§ **Assigned task**
Go over the listing below line by line, and return each one holding the string "blind".

§ **Records for this task**

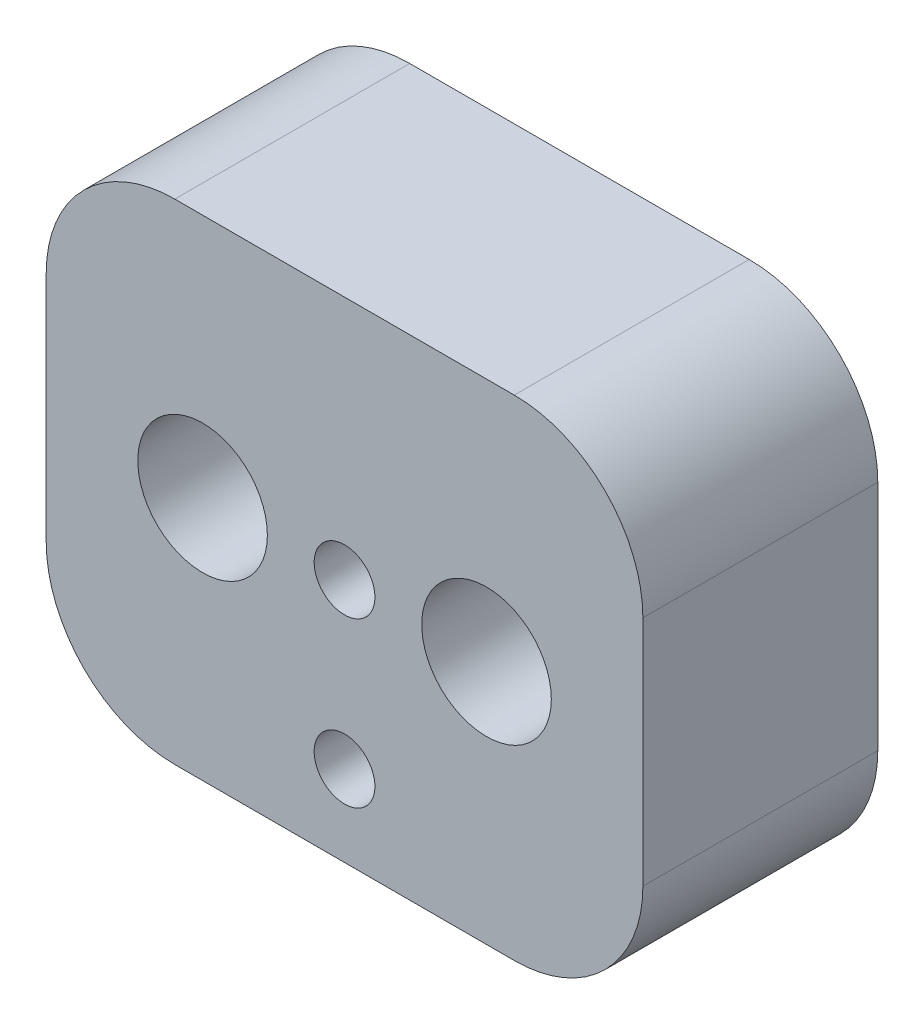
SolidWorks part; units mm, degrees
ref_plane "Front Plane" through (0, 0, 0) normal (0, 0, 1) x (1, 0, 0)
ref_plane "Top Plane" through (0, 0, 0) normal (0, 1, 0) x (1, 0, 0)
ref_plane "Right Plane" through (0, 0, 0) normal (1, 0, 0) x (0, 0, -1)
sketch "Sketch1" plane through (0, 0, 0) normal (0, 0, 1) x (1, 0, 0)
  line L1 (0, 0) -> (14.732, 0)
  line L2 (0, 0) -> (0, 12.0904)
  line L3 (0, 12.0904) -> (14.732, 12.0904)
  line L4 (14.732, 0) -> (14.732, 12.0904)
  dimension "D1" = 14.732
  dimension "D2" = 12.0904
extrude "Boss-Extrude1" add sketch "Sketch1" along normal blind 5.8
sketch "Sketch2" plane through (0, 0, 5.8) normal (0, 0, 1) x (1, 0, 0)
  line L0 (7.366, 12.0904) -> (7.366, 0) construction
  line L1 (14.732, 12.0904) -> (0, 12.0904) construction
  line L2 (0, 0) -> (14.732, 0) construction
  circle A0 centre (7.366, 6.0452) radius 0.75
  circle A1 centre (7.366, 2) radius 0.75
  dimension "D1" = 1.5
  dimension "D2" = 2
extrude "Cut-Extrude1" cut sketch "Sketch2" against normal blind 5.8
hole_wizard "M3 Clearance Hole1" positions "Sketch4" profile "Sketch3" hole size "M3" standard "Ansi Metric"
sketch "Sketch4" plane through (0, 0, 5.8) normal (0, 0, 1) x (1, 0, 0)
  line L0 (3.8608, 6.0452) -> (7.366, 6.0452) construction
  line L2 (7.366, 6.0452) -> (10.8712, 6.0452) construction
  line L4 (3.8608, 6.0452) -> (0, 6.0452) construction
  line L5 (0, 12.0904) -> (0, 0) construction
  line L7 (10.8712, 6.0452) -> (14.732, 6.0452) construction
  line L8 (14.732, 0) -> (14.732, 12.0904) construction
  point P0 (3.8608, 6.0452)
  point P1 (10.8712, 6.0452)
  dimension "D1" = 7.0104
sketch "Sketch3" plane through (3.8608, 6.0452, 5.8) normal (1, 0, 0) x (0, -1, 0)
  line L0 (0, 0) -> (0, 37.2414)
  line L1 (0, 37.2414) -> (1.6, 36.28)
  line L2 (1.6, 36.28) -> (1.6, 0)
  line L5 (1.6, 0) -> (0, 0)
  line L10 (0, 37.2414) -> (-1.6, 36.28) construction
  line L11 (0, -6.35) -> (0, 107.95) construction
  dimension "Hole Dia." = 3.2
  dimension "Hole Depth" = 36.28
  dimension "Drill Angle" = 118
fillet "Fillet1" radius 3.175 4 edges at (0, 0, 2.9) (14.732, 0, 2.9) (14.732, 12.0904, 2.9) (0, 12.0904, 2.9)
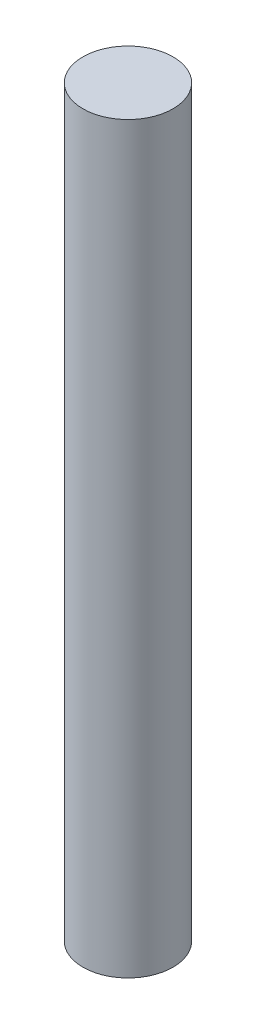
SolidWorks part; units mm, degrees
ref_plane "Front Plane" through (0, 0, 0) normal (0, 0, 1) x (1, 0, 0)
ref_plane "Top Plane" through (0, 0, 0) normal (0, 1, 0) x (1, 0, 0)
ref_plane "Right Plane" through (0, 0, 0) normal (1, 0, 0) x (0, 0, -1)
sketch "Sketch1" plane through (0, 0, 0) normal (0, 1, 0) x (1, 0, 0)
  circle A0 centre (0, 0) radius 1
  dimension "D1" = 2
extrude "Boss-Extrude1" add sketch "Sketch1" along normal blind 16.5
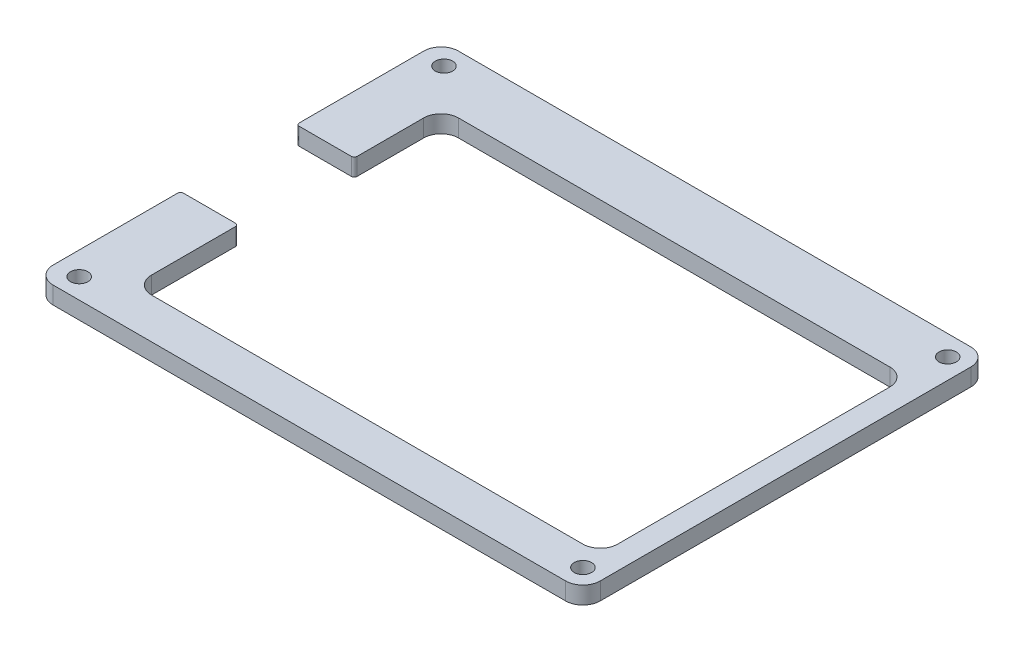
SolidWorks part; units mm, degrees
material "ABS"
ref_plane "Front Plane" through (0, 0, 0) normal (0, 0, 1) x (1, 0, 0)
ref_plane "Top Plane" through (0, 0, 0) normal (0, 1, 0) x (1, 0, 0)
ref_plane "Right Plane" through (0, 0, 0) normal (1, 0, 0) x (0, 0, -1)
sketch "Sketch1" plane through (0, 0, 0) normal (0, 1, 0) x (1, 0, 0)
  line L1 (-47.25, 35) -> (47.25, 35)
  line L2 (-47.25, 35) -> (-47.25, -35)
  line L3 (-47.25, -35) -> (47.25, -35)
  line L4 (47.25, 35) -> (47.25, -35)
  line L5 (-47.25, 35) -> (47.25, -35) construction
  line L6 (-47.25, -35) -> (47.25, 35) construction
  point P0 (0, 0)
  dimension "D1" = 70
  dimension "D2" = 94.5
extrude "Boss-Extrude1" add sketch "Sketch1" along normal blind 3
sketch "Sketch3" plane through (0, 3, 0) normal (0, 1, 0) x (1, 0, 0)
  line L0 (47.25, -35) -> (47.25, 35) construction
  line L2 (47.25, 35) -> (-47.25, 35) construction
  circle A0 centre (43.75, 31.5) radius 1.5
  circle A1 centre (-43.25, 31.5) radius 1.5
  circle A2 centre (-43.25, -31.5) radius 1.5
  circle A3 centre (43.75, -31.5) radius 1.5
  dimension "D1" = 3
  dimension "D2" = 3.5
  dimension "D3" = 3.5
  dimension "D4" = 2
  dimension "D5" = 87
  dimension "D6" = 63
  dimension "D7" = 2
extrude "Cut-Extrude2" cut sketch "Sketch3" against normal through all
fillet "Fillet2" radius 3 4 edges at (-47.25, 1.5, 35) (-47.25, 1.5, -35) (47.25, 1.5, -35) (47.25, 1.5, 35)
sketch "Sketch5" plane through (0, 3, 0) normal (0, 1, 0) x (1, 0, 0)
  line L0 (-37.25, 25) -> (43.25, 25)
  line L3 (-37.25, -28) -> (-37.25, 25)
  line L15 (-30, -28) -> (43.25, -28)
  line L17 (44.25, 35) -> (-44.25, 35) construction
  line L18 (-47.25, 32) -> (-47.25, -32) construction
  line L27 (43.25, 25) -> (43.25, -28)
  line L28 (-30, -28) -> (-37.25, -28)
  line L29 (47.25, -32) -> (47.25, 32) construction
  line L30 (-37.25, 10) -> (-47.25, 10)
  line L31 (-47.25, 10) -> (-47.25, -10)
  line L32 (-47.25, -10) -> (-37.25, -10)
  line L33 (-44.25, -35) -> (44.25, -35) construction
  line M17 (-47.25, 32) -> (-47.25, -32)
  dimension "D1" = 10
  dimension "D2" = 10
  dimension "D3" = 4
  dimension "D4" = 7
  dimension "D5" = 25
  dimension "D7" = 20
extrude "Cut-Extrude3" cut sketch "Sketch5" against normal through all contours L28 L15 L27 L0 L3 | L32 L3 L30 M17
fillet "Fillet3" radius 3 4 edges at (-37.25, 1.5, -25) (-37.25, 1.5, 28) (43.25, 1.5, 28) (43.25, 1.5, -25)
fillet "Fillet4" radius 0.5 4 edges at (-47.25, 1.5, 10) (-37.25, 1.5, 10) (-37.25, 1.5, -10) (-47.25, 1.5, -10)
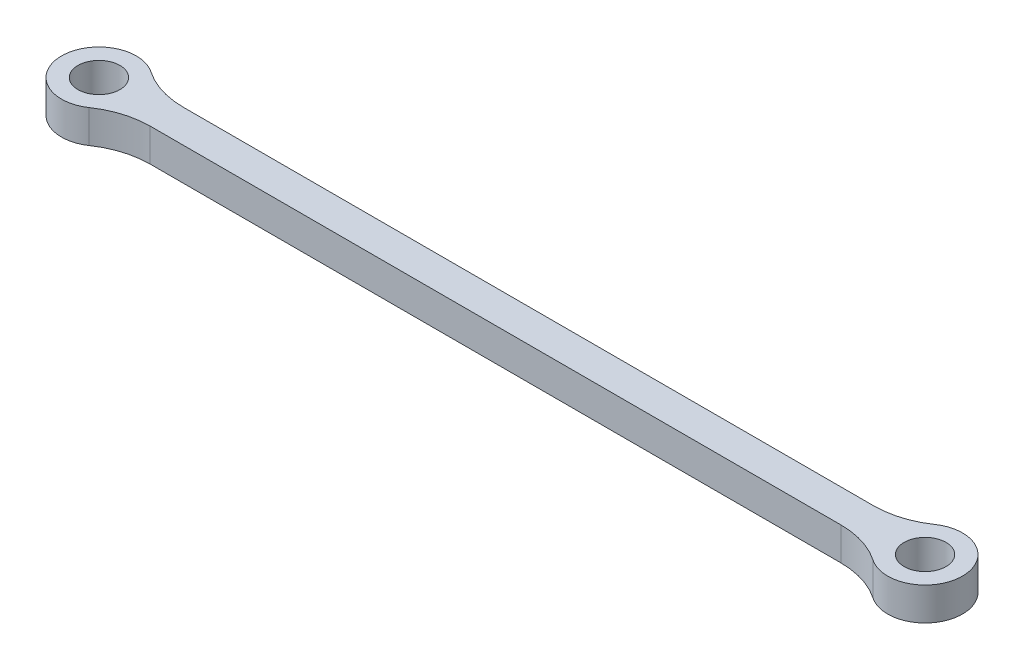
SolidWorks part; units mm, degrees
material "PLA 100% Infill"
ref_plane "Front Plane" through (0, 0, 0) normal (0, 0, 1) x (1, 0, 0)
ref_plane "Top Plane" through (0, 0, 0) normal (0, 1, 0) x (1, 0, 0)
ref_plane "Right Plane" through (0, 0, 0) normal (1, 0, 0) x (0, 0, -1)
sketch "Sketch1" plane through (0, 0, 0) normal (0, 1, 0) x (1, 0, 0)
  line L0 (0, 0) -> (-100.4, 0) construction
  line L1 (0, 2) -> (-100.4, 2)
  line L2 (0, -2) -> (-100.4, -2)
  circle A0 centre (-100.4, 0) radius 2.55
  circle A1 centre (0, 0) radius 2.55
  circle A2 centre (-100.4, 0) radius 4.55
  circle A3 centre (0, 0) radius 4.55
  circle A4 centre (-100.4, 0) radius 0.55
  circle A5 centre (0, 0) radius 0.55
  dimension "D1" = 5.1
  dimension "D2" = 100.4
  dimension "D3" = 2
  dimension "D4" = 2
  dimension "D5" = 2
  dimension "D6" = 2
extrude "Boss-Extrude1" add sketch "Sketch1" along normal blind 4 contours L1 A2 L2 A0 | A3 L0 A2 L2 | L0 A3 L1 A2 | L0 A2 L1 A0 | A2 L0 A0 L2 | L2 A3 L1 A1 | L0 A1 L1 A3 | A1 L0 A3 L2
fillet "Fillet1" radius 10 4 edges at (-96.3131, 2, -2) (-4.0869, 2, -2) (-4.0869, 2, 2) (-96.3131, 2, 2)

§ **Task result**
extrude "Boss-Extrude1" add sketch "Sketch1" along normal blind 5.8
extrude "Cut-Extrude1" cut sketch "Sketch2" against normal blind 5.8
extrude "Boss-Extrude1" add sketch "Sketch1" along normal blind 16.5
extrude "Boss-Extrude1" add sketch "Sketch1" along normal blind 3
extrude "Boss-Extrude1" add sketch "Sketch1" along normal blind 4 contours L1 A2 L2 A0 | A3 L0 A2 L2 | L0 A3 L1 A2 | L0 A2 L1 A0 | A2 L0 A0 L2 | L2 A3 L1 A1 | L0 A1 L1 A3 | A1 L0 A3 L2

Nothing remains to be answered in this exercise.